— LISTED ENTRIES —
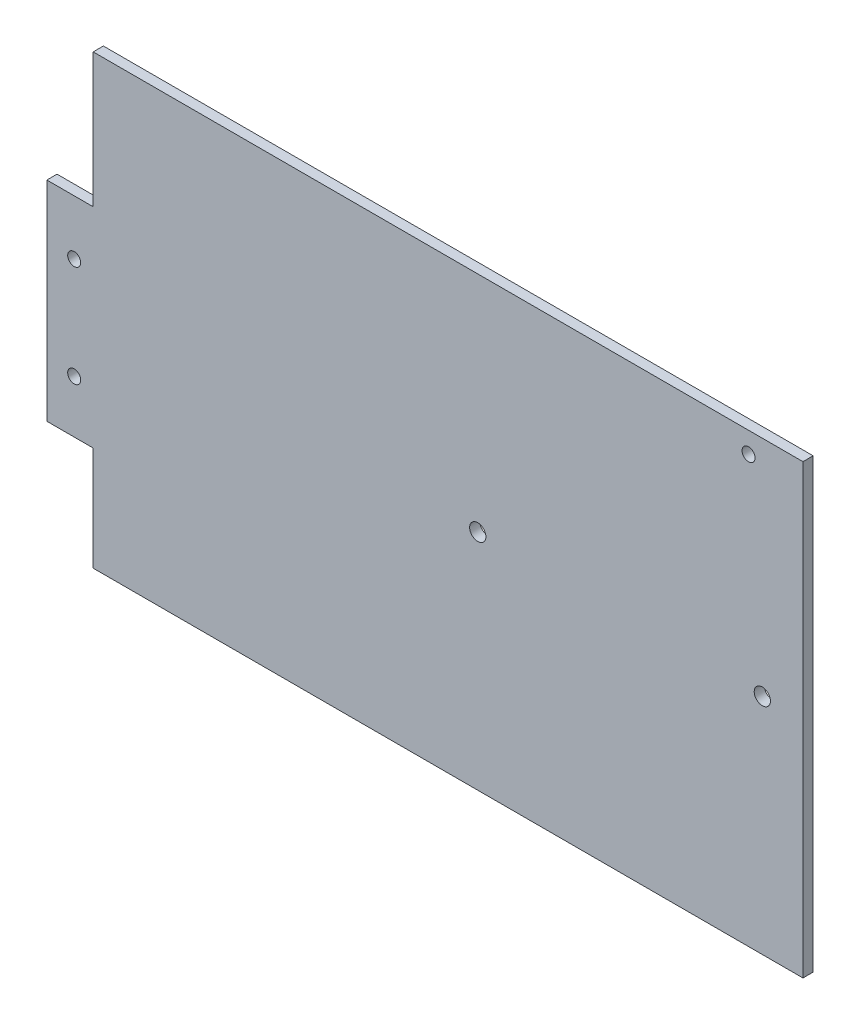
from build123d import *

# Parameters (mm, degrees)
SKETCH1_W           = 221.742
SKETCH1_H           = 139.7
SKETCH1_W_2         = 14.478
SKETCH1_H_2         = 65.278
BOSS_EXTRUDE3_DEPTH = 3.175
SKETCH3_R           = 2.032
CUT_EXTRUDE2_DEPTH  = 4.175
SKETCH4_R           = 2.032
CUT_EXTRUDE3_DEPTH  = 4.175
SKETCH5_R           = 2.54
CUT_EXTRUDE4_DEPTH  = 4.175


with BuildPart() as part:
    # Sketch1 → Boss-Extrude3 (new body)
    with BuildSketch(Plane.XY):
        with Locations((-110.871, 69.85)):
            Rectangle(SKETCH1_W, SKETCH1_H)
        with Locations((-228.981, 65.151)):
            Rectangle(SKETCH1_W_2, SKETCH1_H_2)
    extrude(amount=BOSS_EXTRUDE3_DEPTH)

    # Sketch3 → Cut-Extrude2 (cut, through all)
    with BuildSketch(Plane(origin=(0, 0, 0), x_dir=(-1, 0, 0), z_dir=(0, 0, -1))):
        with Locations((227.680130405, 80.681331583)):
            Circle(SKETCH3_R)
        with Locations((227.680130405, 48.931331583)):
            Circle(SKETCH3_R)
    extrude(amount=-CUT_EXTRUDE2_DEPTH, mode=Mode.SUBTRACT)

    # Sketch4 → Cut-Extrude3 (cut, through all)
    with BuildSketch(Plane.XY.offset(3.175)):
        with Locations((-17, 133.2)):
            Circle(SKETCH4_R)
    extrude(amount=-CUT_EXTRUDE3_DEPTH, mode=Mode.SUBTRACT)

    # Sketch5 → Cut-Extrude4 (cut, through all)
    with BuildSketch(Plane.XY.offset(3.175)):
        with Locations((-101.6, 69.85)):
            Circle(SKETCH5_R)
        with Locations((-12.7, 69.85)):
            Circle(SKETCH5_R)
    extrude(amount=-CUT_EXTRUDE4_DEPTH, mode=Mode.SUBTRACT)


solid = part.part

— EXERCISE DESCRIPTION —
Output each record verbatim, but skip anything that is a picture.

— WRITTEN RESPONSE —
from build123d import *

# Parameters (mm, degrees)
SKETCH1_W           = 221.742
SKETCH1_H           = 139.7
SKETCH1_W_2         = 14.478
SKETCH1_H_2         = 65.278
BOSS_EXTRUDE3_DEPTH = 3.175
SKETCH3_R           = 2.032
CUT_EXTRUDE2_DEPTH  = 4.175
SKETCH4_R           = 2.032
CUT_EXTRUDE3_DEPTH  = 4.175
SKETCH5_R           = 2.54
CUT_EXTRUDE4_DEPTH  = 4.175


with BuildPart() as part:
    # Sketch1 → Boss-Extrude3 (new body)
    with BuildSketch(Plane.XY):
        with Locations((-110.871, 69.85)):
            Rectangle(SKETCH1_W, SKETCH1_H)
        with Locations((-228.981, 65.151)):
            Rectangle(SKETCH1_W_2, SKETCH1_H_2)
    extrude(amount=BOSS_EXTRUDE3_DEPTH)

    # Sketch3 → Cut-Extrude2 (cut, through all)
    with BuildSketch(Plane(origin=(0, 0, 0), x_dir=(-1, 0, 0), z_dir=(0, 0, -1))):
        with Locations((227.680130405, 80.681331583)):
            Circle(SKETCH3_R)
        with Locations((227.680130405, 48.931331583)):
            Circle(SKETCH3_R)
    extrude(amount=-CUT_EXTRUDE2_DEPTH, mode=Mode.SUBTRACT)

    # Sketch4 → Cut-Extrude3 (cut, through all)
    with BuildSketch(Plane.XY.offset(3.175)):
        with Locations((-17, 133.2)):
            Circle(SKETCH4_R)
    extrude(amount=-CUT_EXTRUDE3_DEPTH, mode=Mode.SUBTRACT)

    # Sketch5 → Cut-Extrude4 (cut, through all)
    with BuildSketch(Plane.XY.offset(3.175)):
        with Locations((-101.6, 69.85)):
            Circle(SKETCH5_R)
        with Locations((-12.7, 69.85)):
            Circle(SKETCH5_R)
    extrude(amount=-CUT_EXTRUDE4_DEPTH, mode=Mode.SUBTRACT)


solid = part.part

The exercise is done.